PROPOSED AMENDMENT TO ARTICLE III, SECTION 4
OF THE BYLAWS OF EMBREX, INC.


	Amend Article III, Section 4 of the By-laws of Embrex, Inc. by adding 
to the end thereof the following paragraph:

	In addition, and notwithstanding any other provision of these by-laws 
to the contrary, the following provisions shall govern special meetings of 
shareholders of the Corporation.  A special meeting of the shareholders of 
the Corporation shall be called by the Secretary upon the written request 
of shareholders who together own ten percent (10%) or more of the 
outstanding shares of voting stock of the Corporation.  The written request 
shall state the purpose and date of the meeting.  The notice of the special 
meeting shall be mailed by the Secretary within 30 days following the 
Corporation's receipt of such request.  If the Secretary fails to call the 
special meeting and mail the notice as required by the preceding sentence, 
a person designated by the shareholders requesting the meeting shall have 
the power and authority to call the special meeting and mail such notice.  

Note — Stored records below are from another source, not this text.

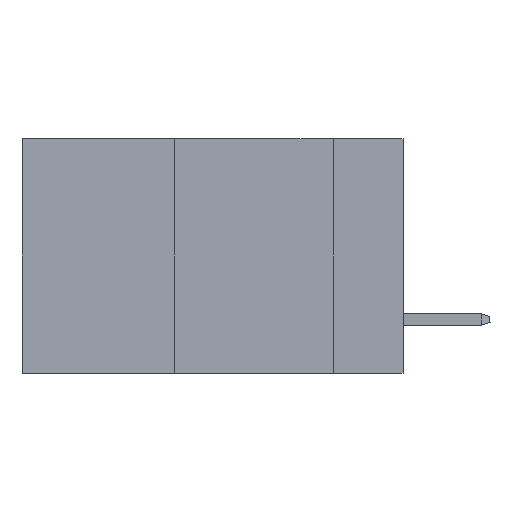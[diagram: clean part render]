
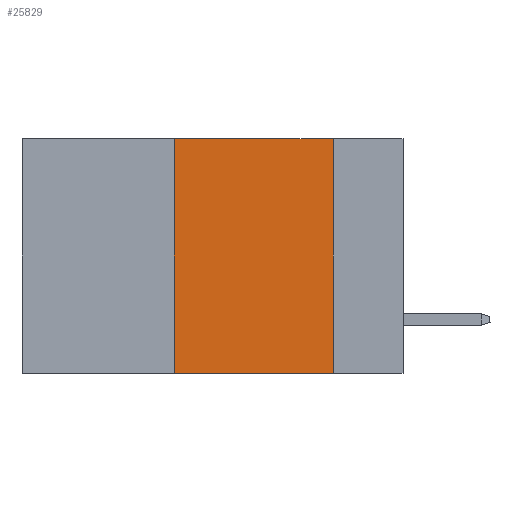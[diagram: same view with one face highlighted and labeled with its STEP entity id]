
A CAD part, left-side view. The second image highlights one B-rep face of the part: STEP entity #25829.
In plain terms, the highlighted planar face has unit normal (-1, 0, 0).
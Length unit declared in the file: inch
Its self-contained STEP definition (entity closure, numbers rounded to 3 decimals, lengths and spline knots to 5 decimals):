
#172 = LINE ( 'NONE', #12274, #7821 ) ;
#530 = CARTESIAN_POINT ( 'NONE',  ( 0., 0.36, 0. ) ) ;
#639 = VERTEX_POINT ( 'NONE', #14326 ) ;
#793 = DIRECTION ( 'NONE',  ( 0., -1., 0. ) ) ;
#1077 = DIRECTION ( 'NONE',  ( 1., 0., 0. ) ) ;
#1578 = ORIENTED_EDGE ( 'NONE', *, *, #16001, .T. ) ;
#1939 = VECTOR ( 'NONE', #34323, 39.37008 ) ;
#3136 = EDGE_CURVE ( 'NONE', #31727, #9744, #31181, .T. ) ;
#4600 = VERTEX_POINT ( 'NONE', #33571 ) ;
#6556 = LINE ( 'NONE', #28258, #1939 ) ;
#7821 = VECTOR ( 'NONE', #24343, 39.37008 ) ;
#7906 = FACE_OUTER_BOUND ( 'NONE', #9841, .T. ) ;
#8443 = ORIENTED_EDGE ( 'NONE', *, *, #9585, .F. ) ;
#9338 = DIRECTION ( 'NONE',  ( 0., 0., -1. ) ) ;
#9585 = EDGE_CURVE ( 'NONE', #4600, #31727, #172, .T. ) ;
#9744 = VERTEX_POINT ( 'NONE', #26448 ) ;
#9841 = EDGE_LOOP ( 'NONE', ( #9901, #18368, #8443, #1578 ) ) ;
#9901 = ORIENTED_EDGE ( 'NONE', *, *, #12870, .F. ) ;
#10610 = VECTOR ( 'NONE', #9338, 39.37008 ) ;
#12274 = CARTESIAN_POINT ( 'NONE',  ( 0., 0.36, 0. ) ) ;
#12870 = EDGE_CURVE ( 'NONE', #9744, #639, #28413, .T. ) ;
#14326 = CARTESIAN_POINT ( 'NONE',  ( 0., 0.11, -0.37 ) ) ;
#16001 = EDGE_CURVE ( 'NONE', #4600, #639, #6556, .T. ) ;
#16169 = CARTESIAN_POINT ( 'NONE',  ( 0., 0.6, 0. ) ) ;
#18368 = ORIENTED_EDGE ( 'NONE', *, *, #3136, .F. ) ;
#20175 = PLANE ( 'NONE',  #29686 ) ;
#24343 = DIRECTION ( 'NONE',  ( 0., 0., 1. ) ) ;
#25829 = ADVANCED_FACE ( 'NONE', ( #7906 ), #20175, .F. ) ;
#26448 = CARTESIAN_POINT ( 'NONE',  ( 0., 0.11, 0. ) ) ;
#28258 = CARTESIAN_POINT ( 'NONE',  ( 0., 0.6, -0.37 ) ) ;
#28413 = LINE ( 'NONE', #34275, #10610 ) ;
#28416 = DIRECTION ( 'NONE',  ( 0., 0., -1. ) ) ;
#29686 = AXIS2_PLACEMENT_3D ( 'NONE', #16169, #1077, #28416 ) ;
#31181 = LINE ( 'NONE', #37443, #32475 ) ;
#31727 = VERTEX_POINT ( 'NONE', #530 ) ;
#32475 = VECTOR ( 'NONE', #793, 39.37008 ) ;
#33571 = CARTESIAN_POINT ( 'NONE',  ( 0., 0.36, -0.37 ) ) ;
#34275 = CARTESIAN_POINT ( 'NONE',  ( 0., 0.11, 0. ) ) ;
#34323 = DIRECTION ( 'NONE',  ( 0., -1., 0. ) ) ;
#37443 = CARTESIAN_POINT ( 'NONE',  ( 0., 0.6, 0. ) ) ;
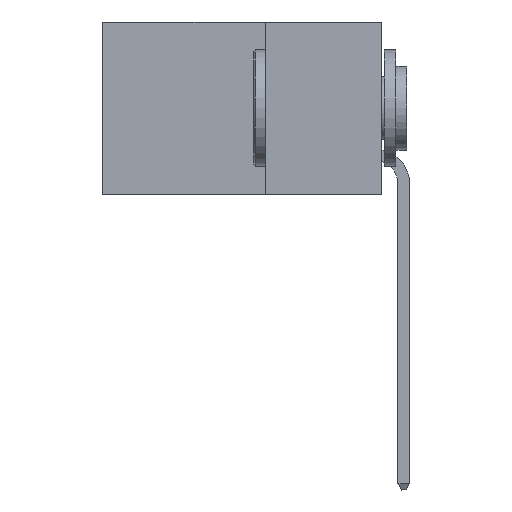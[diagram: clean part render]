
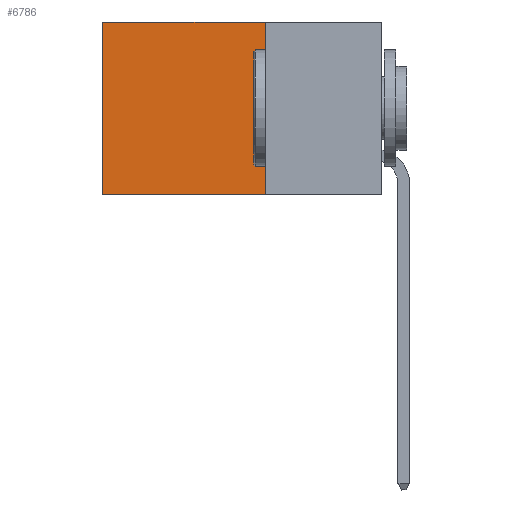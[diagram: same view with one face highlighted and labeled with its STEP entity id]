
A CAD part, left-side view. The second image highlights one B-rep face of the part: STEP entity #6786.
In plain terms, the highlighted planar face has unit normal (-1, 0, 0).
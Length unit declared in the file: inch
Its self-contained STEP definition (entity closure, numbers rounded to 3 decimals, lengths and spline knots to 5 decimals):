
#460 = VECTOR ( 'NONE', #6673, 39.37008 ) ;
#857 = LINE ( 'NONE', #12563, #21577 ) ;
#2639 = DIRECTION ( 'NONE',  ( 0., 1., 0. ) ) ;
#3767 = VERTEX_POINT ( 'NONE', #12452 ) ;
#3805 = VECTOR ( 'NONE', #2639, 39.37008 ) ;
#4673 = CARTESIAN_POINT ( 'NONE',  ( 0.2875, 0.6, 0. ) ) ;
#5194 = LINE ( 'NONE', #12930, #25866 ) ;
#6170 = EDGE_CURVE ( 'NONE', #8691, #22286, #20612, .T. ) ;
#6673 = DIRECTION ( 'NONE',  ( 0., 0., -1. ) ) ;
#6786 = ADVANCED_FACE ( 'NONE', ( #15070 ), #25550, .F. ) ;
#6969 = CARTESIAN_POINT ( 'NONE',  ( 0.2875, 0.25, 0. ) ) ;
#7516 = ORIENTED_EDGE ( 'NONE', *, *, #6170, .F. ) ;
#7989 = LINE ( 'NONE', #4673, #460 ) ;
#8691 = VERTEX_POINT ( 'NONE', #10741 ) ;
#8922 = VERTEX_POINT ( 'NONE', #13206 ) ;
#10741 = CARTESIAN_POINT ( 'NONE',  ( 0.2875, 0.25, -0.37 ) ) ;
#10816 = ORIENTED_EDGE ( 'NONE', *, *, #23612, .F. ) ;
#11519 = EDGE_CURVE ( 'NONE', #3767, #22286, #7989, .T. ) ;
#12452 = CARTESIAN_POINT ( 'NONE',  ( 0.2875, 0.6, 0. ) ) ;
#12563 = CARTESIAN_POINT ( 'NONE',  ( 0.2875, 0.25, 0. ) ) ;
#12599 = EDGE_LOOP ( 'NONE', ( #25138, #7516, #10816, #23786 ) ) ;
#12930 = CARTESIAN_POINT ( 'NONE',  ( 0.2875, 0.25, 0. ) ) ;
#13179 = DIRECTION ( 'NONE',  ( 1., 0., 0. ) ) ;
#13206 = CARTESIAN_POINT ( 'NONE',  ( 0.2875, 0.25, 0. ) ) ;
#15070 = FACE_OUTER_BOUND ( 'NONE', #12599, .T. ) ;
#15372 = DIRECTION ( 'NONE',  ( 0., 0., -1. ) ) ;
#19424 = DIRECTION ( 'NONE',  ( 0., 0., -1. ) ) ;
#19811 = DIRECTION ( 'NONE',  ( 0., 1., 0. ) ) ;
#20612 = LINE ( 'NONE', #25283, #3805 ) ;
#21577 = VECTOR ( 'NONE', #19811, 39.37008 ) ;
#22132 = AXIS2_PLACEMENT_3D ( 'NONE', #6969, #13179, #15372 ) ;
#22286 = VERTEX_POINT ( 'NONE', #23899 ) ;
#23612 = EDGE_CURVE ( 'NONE', #8922, #8691, #5194, .T. ) ;
#23786 = ORIENTED_EDGE ( 'NONE', *, *, #25493, .T. ) ;
#23899 = CARTESIAN_POINT ( 'NONE',  ( 0.2875, 0.6, -0.37 ) ) ;
#25138 = ORIENTED_EDGE ( 'NONE', *, *, #11519, .T. ) ;
#25283 = CARTESIAN_POINT ( 'NONE',  ( 0.2875, 0.25, -0.37 ) ) ;
#25493 = EDGE_CURVE ( 'NONE', #8922, #3767, #857, .T. ) ;
#25550 = PLANE ( 'NONE',  #22132 ) ;
#25866 = VECTOR ( 'NONE', #19424, 39.37008 ) ;

A special meeting called at the request of shareholders shall be presided 
over by a person designated by the shareholders calling the meeting.  The 
record date for determining shareholders entitled to request a special 
meeting is the date the first shareholder signs the request.  The record 
date for the special meeting shall be the record date set forth in the 
request, so long as such date complies with North Carolina law.  Special 
meetings of shareholders shall be held at the location set forth in the 
request.  For purposes of this Section 4, "shareholder" includes a 
beneficial owner whose shares are held in voting trust or by a nominee and 
whose beneficial ownership is certified to the Corporation by that voting 
trust or nominee.  Without the approval of the shareholders, the board of 
directors may not further amend or repeal this Section 4 of the By-laws 
governing special meetings or adopt any new by-law provision that is 
inconsistent with or would render ineffective the provisions of this 
Section 4 pertaining to special meetings of shareholders.